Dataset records
________________
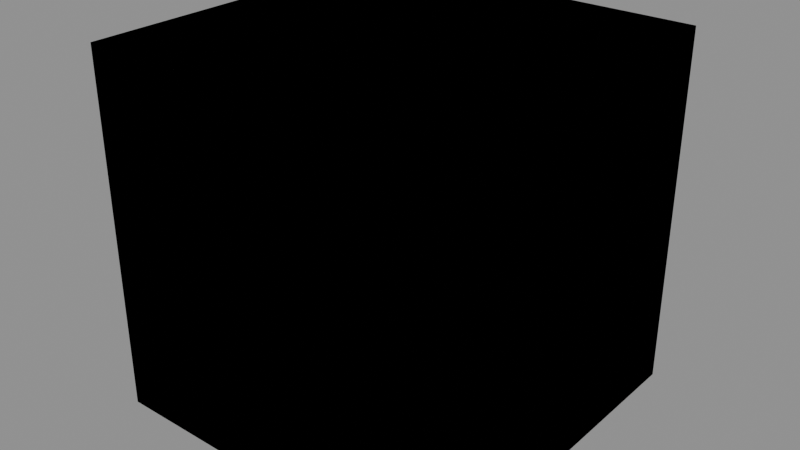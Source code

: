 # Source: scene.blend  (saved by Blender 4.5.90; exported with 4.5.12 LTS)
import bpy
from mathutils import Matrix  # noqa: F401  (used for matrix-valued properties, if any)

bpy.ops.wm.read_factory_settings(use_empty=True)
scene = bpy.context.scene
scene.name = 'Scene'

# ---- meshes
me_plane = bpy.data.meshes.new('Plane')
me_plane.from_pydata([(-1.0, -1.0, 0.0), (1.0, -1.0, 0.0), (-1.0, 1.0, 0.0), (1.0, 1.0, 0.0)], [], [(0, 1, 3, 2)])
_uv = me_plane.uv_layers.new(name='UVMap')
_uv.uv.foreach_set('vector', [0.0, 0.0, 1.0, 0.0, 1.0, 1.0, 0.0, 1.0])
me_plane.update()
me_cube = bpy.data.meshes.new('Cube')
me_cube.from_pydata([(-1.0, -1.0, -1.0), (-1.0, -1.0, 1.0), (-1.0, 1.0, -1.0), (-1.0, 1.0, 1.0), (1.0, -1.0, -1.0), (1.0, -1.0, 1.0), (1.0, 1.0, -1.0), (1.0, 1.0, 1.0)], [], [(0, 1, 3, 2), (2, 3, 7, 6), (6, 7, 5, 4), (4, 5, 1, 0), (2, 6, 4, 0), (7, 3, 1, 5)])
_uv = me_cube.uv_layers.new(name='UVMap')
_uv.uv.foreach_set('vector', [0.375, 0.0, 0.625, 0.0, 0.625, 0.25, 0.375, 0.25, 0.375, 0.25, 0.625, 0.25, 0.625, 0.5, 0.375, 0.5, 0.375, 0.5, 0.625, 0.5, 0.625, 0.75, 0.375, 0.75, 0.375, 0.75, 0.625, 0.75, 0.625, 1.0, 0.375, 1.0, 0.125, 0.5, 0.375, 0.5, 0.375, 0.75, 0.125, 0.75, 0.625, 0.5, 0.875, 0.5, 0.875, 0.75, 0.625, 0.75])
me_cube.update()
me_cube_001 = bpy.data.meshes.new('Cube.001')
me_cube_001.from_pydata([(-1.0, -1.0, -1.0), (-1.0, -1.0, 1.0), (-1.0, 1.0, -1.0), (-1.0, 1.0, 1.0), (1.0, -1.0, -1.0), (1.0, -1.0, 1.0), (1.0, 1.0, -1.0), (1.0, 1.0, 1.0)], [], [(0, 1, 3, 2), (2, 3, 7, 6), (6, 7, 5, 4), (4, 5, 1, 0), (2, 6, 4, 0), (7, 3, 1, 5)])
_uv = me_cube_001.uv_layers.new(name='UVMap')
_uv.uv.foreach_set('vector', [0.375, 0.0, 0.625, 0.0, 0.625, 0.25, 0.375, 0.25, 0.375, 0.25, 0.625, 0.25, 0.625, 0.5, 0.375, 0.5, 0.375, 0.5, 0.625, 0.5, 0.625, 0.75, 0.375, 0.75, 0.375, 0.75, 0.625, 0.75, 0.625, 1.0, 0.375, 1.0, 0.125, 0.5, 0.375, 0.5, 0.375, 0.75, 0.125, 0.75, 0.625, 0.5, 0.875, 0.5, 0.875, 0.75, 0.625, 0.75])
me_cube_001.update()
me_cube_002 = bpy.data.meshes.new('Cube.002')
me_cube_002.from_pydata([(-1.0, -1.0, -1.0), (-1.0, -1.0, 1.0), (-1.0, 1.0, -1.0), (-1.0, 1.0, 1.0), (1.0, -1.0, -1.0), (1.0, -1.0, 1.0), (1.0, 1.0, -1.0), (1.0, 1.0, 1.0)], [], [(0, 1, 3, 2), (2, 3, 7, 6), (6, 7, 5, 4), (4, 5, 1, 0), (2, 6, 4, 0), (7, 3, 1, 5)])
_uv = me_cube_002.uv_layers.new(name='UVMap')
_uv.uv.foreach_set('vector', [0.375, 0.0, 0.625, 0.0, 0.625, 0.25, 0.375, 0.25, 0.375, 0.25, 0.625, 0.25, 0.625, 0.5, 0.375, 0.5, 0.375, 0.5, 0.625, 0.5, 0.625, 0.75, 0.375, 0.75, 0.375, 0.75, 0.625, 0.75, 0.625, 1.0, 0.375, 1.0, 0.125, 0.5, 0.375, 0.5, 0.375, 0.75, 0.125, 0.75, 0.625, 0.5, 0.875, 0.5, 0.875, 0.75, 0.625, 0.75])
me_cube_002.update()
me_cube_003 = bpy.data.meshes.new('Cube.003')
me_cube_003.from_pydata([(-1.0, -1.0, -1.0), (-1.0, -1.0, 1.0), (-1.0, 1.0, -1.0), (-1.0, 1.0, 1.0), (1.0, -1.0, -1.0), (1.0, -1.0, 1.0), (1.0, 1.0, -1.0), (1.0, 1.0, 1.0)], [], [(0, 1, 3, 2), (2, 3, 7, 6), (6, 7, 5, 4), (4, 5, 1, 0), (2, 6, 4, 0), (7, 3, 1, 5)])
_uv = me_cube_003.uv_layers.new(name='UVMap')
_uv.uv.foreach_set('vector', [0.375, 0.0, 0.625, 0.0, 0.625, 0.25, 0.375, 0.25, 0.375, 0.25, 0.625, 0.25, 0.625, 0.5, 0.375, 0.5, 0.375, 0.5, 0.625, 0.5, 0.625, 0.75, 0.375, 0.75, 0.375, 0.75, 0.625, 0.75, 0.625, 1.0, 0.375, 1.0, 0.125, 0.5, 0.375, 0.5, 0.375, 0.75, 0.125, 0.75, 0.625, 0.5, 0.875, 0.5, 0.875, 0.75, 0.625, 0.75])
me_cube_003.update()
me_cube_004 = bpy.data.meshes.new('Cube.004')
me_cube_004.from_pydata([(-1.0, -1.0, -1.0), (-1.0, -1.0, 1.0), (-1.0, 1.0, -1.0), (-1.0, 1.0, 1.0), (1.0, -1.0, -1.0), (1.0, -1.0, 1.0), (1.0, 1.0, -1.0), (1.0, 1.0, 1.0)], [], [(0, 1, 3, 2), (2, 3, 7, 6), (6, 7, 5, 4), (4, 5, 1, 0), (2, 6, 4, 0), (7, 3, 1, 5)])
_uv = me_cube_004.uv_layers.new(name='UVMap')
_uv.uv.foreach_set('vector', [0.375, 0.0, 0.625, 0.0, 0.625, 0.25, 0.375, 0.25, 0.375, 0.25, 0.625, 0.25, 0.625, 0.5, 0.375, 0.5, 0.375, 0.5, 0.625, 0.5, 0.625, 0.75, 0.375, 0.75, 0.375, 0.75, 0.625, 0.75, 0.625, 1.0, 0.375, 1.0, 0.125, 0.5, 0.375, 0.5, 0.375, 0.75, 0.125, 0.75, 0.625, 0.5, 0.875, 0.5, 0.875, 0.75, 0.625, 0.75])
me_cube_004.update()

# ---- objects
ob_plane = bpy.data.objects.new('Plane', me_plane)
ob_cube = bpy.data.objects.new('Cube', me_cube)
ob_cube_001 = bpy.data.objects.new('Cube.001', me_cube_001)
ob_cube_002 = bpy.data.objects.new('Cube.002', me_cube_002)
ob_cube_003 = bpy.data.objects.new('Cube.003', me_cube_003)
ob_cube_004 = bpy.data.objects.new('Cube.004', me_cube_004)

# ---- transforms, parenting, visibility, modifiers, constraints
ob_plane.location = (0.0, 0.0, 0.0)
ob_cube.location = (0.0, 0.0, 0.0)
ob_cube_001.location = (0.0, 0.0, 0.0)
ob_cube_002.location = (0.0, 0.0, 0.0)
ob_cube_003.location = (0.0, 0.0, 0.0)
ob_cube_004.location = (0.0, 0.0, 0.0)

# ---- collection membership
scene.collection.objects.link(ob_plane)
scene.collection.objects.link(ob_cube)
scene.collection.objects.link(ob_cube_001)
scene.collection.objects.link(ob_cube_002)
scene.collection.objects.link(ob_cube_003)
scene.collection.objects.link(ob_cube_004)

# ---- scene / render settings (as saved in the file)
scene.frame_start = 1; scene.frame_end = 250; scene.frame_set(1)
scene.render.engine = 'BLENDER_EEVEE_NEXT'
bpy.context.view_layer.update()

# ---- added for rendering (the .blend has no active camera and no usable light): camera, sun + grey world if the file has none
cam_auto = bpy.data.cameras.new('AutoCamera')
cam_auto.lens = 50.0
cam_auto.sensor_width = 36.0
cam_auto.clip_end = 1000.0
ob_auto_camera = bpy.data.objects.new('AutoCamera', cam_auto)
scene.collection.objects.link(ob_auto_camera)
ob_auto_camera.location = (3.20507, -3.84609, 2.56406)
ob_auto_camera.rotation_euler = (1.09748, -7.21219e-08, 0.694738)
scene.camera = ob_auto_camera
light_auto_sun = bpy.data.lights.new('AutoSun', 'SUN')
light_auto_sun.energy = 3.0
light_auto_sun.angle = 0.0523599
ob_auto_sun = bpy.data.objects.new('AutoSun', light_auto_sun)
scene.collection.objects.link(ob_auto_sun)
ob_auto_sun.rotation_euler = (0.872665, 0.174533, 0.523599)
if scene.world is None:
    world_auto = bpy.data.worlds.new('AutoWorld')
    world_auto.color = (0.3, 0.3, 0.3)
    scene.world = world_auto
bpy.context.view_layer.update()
________________
• [What is required]:
At the line containing "scene.collection.objects.link(ob_cube)", start copying. Continue exactly through the final line of the entries above and stop there.

• [The completed task]:
scene.collection.objects.link(ob_cube)
scene.collection.objects.link(ob_cube_001)
scene.collection.objects.link(ob_cube_002)
scene.collection.objects.link(ob_cube_003)
scene.collection.objects.link(ob_cube_004)

# ---- scene / render settings (as saved in the file)
scene.frame_start = 1; scene.frame_end = 250; scene.frame_set(1)
scene.render.engine = 'BLENDER_EEVEE_NEXT'
bpy.context.view_layer.update()

# ---- added for rendering (the .blend has no active camera and no usable light): camera, sun + grey world if the file has none
cam_auto = bpy.data.cameras.new('AutoCamera')
cam_auto.lens = 50.0
cam_auto.sensor_width = 36.0
cam_auto.clip_end = 1000.0
ob_auto_camera = bpy.data.objects.new('AutoCamera', cam_auto)
scene.collection.objects.link(ob_auto_camera)
ob_auto_camera.location = (3.20507, -3.84609, 2.56406)
ob_auto_camera.rotation_euler = (1.09748, -7.21219e-08, 0.694738)
scene.camera = ob_auto_camera
light_auto_sun = bpy.data.lights.new('AutoSun', 'SUN')
light_auto_sun.energy = 3.0
light_auto_sun.angle = 0.0523599
ob_auto_sun = bpy.data.objects.new('AutoSun', light_auto_sun)
scene.collection.objects.link(ob_auto_sun)
ob_auto_sun.rotation_euler = (0.872665, 0.174533, 0.523599)
if scene.world is None:
    world_auto = bpy.data.worlds.new('AutoWorld')
    world_auto.color = (0.3, 0.3, 0.3)
    scene.world = world_auto
bpy.context.view_layer.update()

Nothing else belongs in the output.